Transient analysis assesses the dynamic behavior of Boolean logic operations executed across various SRAM-based architectures. This analysis evaluates the propagation latency, switching properties, and stability of NAND, NOR, XOR, OR, AND, and XNOR gates across different circuit layouts. The asymmetrical inverter-based design demonstrates resilience in NOR but experiences diminished performance in NAND due to an inadequate sensing margin. Although the sense amplifier-based approach provides minimal latency, it needs a Vref generator to provide steady transitions. The latch-type sense amplifier enhances sensing for NAND while accommodating a limited number of logic operations.

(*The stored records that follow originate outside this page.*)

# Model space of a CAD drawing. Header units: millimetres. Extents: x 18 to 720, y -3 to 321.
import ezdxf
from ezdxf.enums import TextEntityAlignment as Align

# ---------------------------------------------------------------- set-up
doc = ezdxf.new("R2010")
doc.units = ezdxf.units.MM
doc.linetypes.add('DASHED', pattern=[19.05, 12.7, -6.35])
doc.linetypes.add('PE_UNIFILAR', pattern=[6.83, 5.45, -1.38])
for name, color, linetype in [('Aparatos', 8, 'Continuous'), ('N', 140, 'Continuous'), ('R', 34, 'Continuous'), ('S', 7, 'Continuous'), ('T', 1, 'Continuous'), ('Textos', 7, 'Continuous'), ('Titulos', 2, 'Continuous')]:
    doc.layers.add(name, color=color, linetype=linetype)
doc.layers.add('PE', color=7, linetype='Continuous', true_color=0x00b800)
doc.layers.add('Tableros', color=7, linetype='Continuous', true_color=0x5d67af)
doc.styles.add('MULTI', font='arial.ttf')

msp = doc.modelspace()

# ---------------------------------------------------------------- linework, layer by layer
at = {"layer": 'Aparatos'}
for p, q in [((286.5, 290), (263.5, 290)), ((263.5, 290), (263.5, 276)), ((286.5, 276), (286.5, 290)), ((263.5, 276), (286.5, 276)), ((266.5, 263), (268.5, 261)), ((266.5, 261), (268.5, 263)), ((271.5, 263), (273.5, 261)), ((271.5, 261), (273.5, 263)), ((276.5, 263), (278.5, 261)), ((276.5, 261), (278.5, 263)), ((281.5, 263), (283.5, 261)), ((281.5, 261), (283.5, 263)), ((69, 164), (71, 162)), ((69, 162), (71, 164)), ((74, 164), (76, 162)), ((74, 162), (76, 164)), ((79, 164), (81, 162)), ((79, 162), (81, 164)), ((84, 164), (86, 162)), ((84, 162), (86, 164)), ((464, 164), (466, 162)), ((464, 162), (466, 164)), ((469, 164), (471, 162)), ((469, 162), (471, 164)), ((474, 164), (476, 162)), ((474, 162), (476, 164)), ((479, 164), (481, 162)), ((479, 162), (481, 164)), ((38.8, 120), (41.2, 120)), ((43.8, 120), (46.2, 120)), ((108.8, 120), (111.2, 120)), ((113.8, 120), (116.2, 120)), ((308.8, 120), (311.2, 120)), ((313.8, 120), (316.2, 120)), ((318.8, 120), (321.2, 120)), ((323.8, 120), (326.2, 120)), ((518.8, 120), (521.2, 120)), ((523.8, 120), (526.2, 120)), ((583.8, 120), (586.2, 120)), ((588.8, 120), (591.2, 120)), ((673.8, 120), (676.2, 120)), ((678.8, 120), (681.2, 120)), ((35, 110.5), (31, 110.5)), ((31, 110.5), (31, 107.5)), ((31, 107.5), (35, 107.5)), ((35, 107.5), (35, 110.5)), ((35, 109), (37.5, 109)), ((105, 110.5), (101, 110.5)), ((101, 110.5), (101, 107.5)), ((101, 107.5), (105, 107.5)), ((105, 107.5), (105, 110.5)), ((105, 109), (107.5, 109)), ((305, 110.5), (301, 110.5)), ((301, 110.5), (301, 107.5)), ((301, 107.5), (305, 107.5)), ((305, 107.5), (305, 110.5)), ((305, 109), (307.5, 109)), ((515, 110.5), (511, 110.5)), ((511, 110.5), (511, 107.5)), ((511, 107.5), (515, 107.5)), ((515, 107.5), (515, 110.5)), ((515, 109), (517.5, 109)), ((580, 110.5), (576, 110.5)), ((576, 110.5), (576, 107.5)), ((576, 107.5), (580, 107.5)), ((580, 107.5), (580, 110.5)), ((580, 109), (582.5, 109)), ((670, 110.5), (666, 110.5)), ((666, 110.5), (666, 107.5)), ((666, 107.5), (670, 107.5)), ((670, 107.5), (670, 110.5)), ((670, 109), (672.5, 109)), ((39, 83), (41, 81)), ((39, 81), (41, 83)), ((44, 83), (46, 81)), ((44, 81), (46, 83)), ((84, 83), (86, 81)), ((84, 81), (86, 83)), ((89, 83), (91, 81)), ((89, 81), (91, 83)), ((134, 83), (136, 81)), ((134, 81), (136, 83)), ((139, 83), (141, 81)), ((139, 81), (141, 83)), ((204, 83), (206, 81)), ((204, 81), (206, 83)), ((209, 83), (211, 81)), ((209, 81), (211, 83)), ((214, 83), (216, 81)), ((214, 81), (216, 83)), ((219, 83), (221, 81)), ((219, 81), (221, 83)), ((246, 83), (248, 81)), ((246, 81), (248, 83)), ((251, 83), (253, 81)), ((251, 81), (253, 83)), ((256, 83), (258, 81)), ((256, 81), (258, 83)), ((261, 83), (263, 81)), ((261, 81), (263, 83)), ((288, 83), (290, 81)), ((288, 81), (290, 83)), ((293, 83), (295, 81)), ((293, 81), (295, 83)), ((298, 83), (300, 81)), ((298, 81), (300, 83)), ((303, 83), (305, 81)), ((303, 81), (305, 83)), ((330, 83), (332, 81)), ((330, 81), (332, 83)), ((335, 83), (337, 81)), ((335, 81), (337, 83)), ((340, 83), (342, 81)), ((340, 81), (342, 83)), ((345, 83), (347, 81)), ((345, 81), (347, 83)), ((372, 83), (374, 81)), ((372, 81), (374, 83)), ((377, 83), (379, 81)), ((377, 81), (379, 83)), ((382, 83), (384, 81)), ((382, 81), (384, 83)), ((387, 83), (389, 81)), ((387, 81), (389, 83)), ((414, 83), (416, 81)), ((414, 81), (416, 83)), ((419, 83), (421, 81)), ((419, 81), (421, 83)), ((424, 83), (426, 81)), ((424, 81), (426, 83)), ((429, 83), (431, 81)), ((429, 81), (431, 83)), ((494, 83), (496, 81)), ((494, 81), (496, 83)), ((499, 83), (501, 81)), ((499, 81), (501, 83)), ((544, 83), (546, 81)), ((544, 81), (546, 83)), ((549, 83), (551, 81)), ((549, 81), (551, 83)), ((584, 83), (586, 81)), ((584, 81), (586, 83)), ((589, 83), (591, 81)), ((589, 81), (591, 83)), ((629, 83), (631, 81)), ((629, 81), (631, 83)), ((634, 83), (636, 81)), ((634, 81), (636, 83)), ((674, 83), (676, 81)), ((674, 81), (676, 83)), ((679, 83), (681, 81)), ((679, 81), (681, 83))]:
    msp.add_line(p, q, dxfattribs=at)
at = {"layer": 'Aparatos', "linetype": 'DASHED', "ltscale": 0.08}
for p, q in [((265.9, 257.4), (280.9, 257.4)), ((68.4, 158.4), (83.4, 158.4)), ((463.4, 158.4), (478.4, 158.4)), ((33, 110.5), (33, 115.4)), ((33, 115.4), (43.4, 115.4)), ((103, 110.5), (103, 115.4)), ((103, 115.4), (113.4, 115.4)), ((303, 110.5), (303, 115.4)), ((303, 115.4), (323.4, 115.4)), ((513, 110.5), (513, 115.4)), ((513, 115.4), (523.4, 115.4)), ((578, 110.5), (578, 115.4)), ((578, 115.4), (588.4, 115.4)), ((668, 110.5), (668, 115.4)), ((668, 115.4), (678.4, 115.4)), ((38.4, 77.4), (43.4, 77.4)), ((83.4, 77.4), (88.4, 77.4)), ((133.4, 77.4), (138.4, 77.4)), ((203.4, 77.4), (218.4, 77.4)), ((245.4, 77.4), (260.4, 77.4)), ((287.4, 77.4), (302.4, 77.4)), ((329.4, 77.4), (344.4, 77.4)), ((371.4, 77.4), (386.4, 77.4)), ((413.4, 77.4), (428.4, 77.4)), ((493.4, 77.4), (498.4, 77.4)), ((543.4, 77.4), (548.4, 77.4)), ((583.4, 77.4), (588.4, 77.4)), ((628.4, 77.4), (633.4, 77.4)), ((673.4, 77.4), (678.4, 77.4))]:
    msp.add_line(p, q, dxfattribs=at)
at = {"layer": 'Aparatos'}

The transient study of the existing in-memory computing (IMC) architectures is provided here to assess their dynamic performance under real-time switching scenarios. The transient response characteristics of three baseline sensing circuits integrated with 8T SRAM cells are illustrated in Figure 11, Figure 12 and Figure 13. The gated skewed inverter design presented in Figure 11 exhibits moderate gain and speed, constrained by asymmetric drive strength and vulnerability to noise at reduced voltages. The integration of a reference voltage generator demonstarted in Figure 12 enhances signal discrimination, although it also introduces latency due to stabilizing overhead. The latch-type sense amplifier architecture shown in Figure 13 provides improved read speed through positive feedback but is prone to mismatch sensitivity and exhibits elevated dynamic power consumption during evaluation. The results underscore the architectural constraints of previous sensing techniques in attaining reliable, low-latency readout for IMC workloads, thereby justifying the proposed 8T SRAM + MLSA design, which mitigates these trade-offs with enhanced accuracy, energy efficiency, and process resilience.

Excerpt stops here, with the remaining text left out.